Lelouch li Britannia: Verdi baritone
Suzaku Kururugi: full lyric tenor 
C2: lyric mezzo 
Nunnally: mezzo soubrette
Kallen Kozaki: spinto soprano
Charles zi Britannia: high dramatic bass
Shirley Fenette: full lyric soprano
Milly Ashford: coloratura mezzo or soprano
Cornelia li Britannia: dramatic mezzo 
Euphemia li Britannia: lyric coloratura soprano
Jeremiah Gottwald: dramatic tenor
Toto: bass-baritone
Viletta: assoluta (she would be a very interesting character to cast! the singer would have to start out like a really butch mezzo and then realize she's actually a soprano).
Ohgi: spinto tenor
Mao: dramatic tenor

ironically, the voice actor for the main character is a clear tenor, but once you get a clear idea of his personality....Lelouch is no tenor role. he needs to be played by a baritone who can alternate between authoritative and more sinister.


----------



## russetvelvet (Oct 14, 2016)

Walter White: Verdi baritone
Jesse Pinkman: countertenor...


----------



## Pugg (Aug 8, 2014)

Madam Secretary - dramatic soprano.
Her husband: Baritone


----------



## BalalaikaBoy (Sep 25, 2014)

bumping this thread after awhile, but I've been watching the BBC adaption of Merlin and I'm stunned that there is no opera written about King Arthur 

going based on the show, I would cast the characters like this

*Merlin:* there are a lot of ways we could do this. the obvious choice would be the make him a tenor, but with Arthur already being the clear heroic tenor character, this would make them hard to blend. a baritone could not capture the youthfulness and naivete of younger Merlin, so....I'm honestly tempted to make him a mezzo trouser role  
*Arthur:* heldentenor
*Guinevere:* mezzo soubrette (still light and virginal, but casting her as a mezzo would give her the more earthy quality she displays in the show)
*Uther:* bass
*Morgana:* dramatic coloratura soprano. this role would require tremendous range. good Morgana from Seasons 1-2 would require more lyrical, youthful singing, like the type of voice who would sing Maria Stuarda. evil Morgana from seasons 3-5 would have be nastier, more like a Norma/Lady Macbeth type voice. 
*Gaius:* bass
*Mordred (young):* soprano trouser role
*Mordred (adult):* baritone 
*Morgause:* contralto


----------



## Art Rock (Nov 28, 2009)

BalalaikaBoy said:


> I'm stunned that there is no opera written about King Arthur


Chausson - Le roi Arthus.


----------



## BalalaikaBoy (Sep 25, 2014)

Art Rock said:


> Chausson - Le roi Arthus.


oooo! Baritone and mezzo leads! I shall have to check this out!


----------



## Amara (Jan 12, 2012)

There is actually an opera called _Merlin_ from 1902 by Isaac Albéniz available on DVD.

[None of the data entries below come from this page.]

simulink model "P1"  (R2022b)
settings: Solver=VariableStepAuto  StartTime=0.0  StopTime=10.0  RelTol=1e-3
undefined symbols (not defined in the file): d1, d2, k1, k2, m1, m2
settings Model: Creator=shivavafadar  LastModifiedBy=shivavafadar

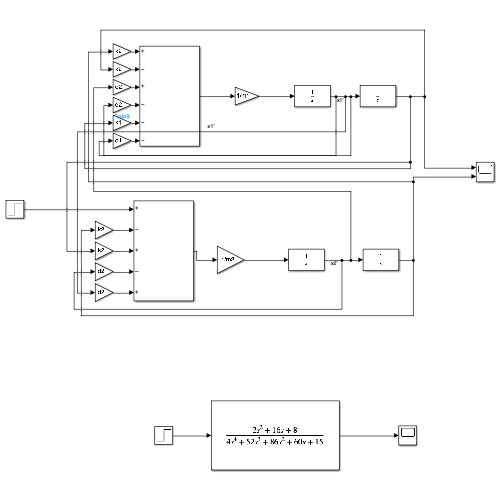
[thumbnail: Simulink's stored preview of the top-level diagram]
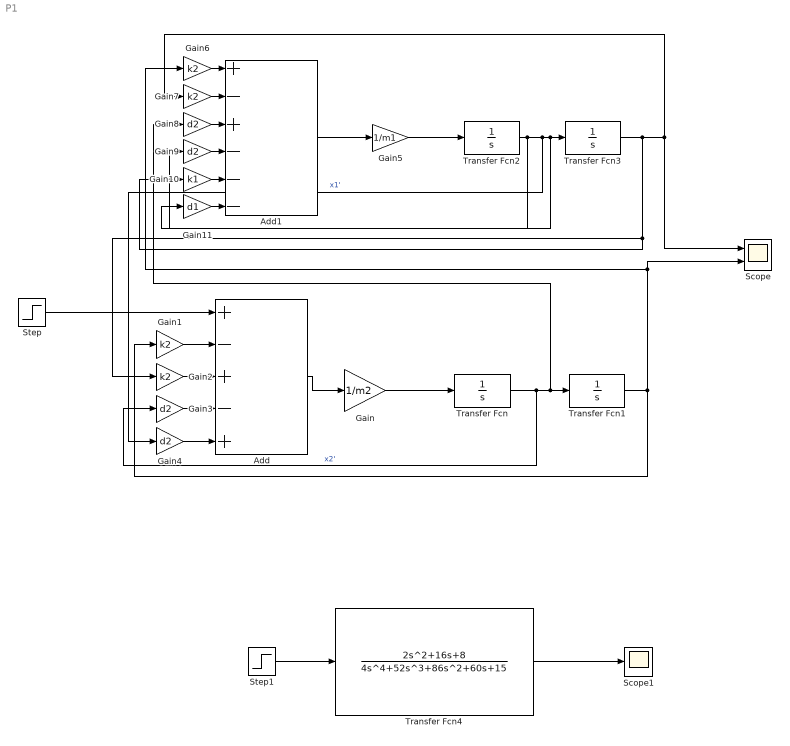
== system P1 ==
  Add : Sum  Inputs=+-+-+
  Add1 : Sum  Inputs=+-+---
  Gain : Gain  Gain=1/m2
  Gain{1..2,6..7} (4 alike) : Gain  Gain=k2
  Gain10 : Gain  Gain=k1
  Gain11 : Gain  Gain=d1
  Gain{3..4,8..9} (4 alike) : Gain  Gain=d2
  Gain5 : Gain  Gain=1/m1
  Scope : Scope  NumInputPorts=2
  Scope1 : Scope
  Step : Step  SampleTime=0
  Step1 : Step  SampleTime=0
  Transfer Fcn{,1..3} (4 alike) : TransferFcn  Denominator=[1 0]
  Transfer Fcn4 : TransferFcn  Numerator=[2 16 8]  Denominator=[4 52 86 60 15]
  wires:
  Transfer Fcn/1 -> Gain3/1, Gain8/1, Transfer Fcn1/1  "x2'"
  Gain/1 -> Transfer Fcn/1
  Transfer Fcn2/1 -> Gain11/1, Gain9/1, Transfer Fcn3/1, Gain4/1  "x1'"
  Gain5/1 -> Transfer Fcn2/1
  Add/1 -> Gain/1
  Step/1 -> Add/1
  Gain1/1 -> Add/2
  Gain2/1 -> Add/3
  Transfer Fcn1/1 -> Scope/2, Gain6/1, Gain1/1
  Transfer Fcn3/1 -> Scope/1, Gain7/1, Gain10/1, Gain2/1
  Gain3/1 -> Add/4
  Gain4/1 -> Add/5
  Add1/1 -> Gain5/1
  Gain6/1 -> Add1/1
  Gain7/1 -> Add1/2
  Gain8/1 -> Add1/3
  Gain9/1 -> Add1/4
  Gain10/1 -> Add1/5
  Gain11/1 -> Add1/6
  Step1/1 -> Transfer Fcn4/1
  Transfer Fcn4/1 -> Scope1/1

As to your original post, I've thought about this for a while.

_Batman: The Animated Series_
Batman - baritone
Catwoman - mezzo
Joker - tenor
Harley Quinn - soprano
Poison Ivy - mezzo
Two-Face - baritone
Commissioner Gordon - tenor
Riddler - tenor
Alfred - tenor
Robin - mezzo
Batgirl - soprano
Nightwing - tenor
Talia - mezzo
Ra's - bass-baritone
Killer Croc - bass-baritone


----------



## Pugg (Aug 8, 2014)

Amara;1359526 said:


> There is actually an opera called _Merlin_ from 1902 by Isaac Albéniz available on DVD.
> 
> As to your original post, I've thought about this for a while.
> 
> ...


It use to be on CD too,

https://www.amazon.com/gp/offer-lis...386001&creativeASIN=B00004W180&condition=used


----------



## BalalaikaBoy (Sep 25, 2014)

Gone With The Wind
Scarlet O'Hara: mezzo soprano
Rhett Butler: bass-baritone
Ashley Wilkes: tenor
Melanie Wilkes: soprano
Mammie: contralto

like if Don Giovanni and Carmen fell in love


----------



## Olias (Nov 18, 2010)

The cast of the Big Bang Theory performing "The Marriage of Figaro"

Leonard - Figaro
Penny - Susanna
Sheldon - Count Almaviva
Amy - Countess Rosine
Raj - Cherubino
Howard - Doctor Bartolo
Bernadette - Marcellina


----------



## aussiebushman (Apr 21, 2018)

What a fun thread!

I'd pick the original version of "House of Cards" - The Ian Richardson set, not that stupid Spacey version. As as for the singers, who said they had to be living now?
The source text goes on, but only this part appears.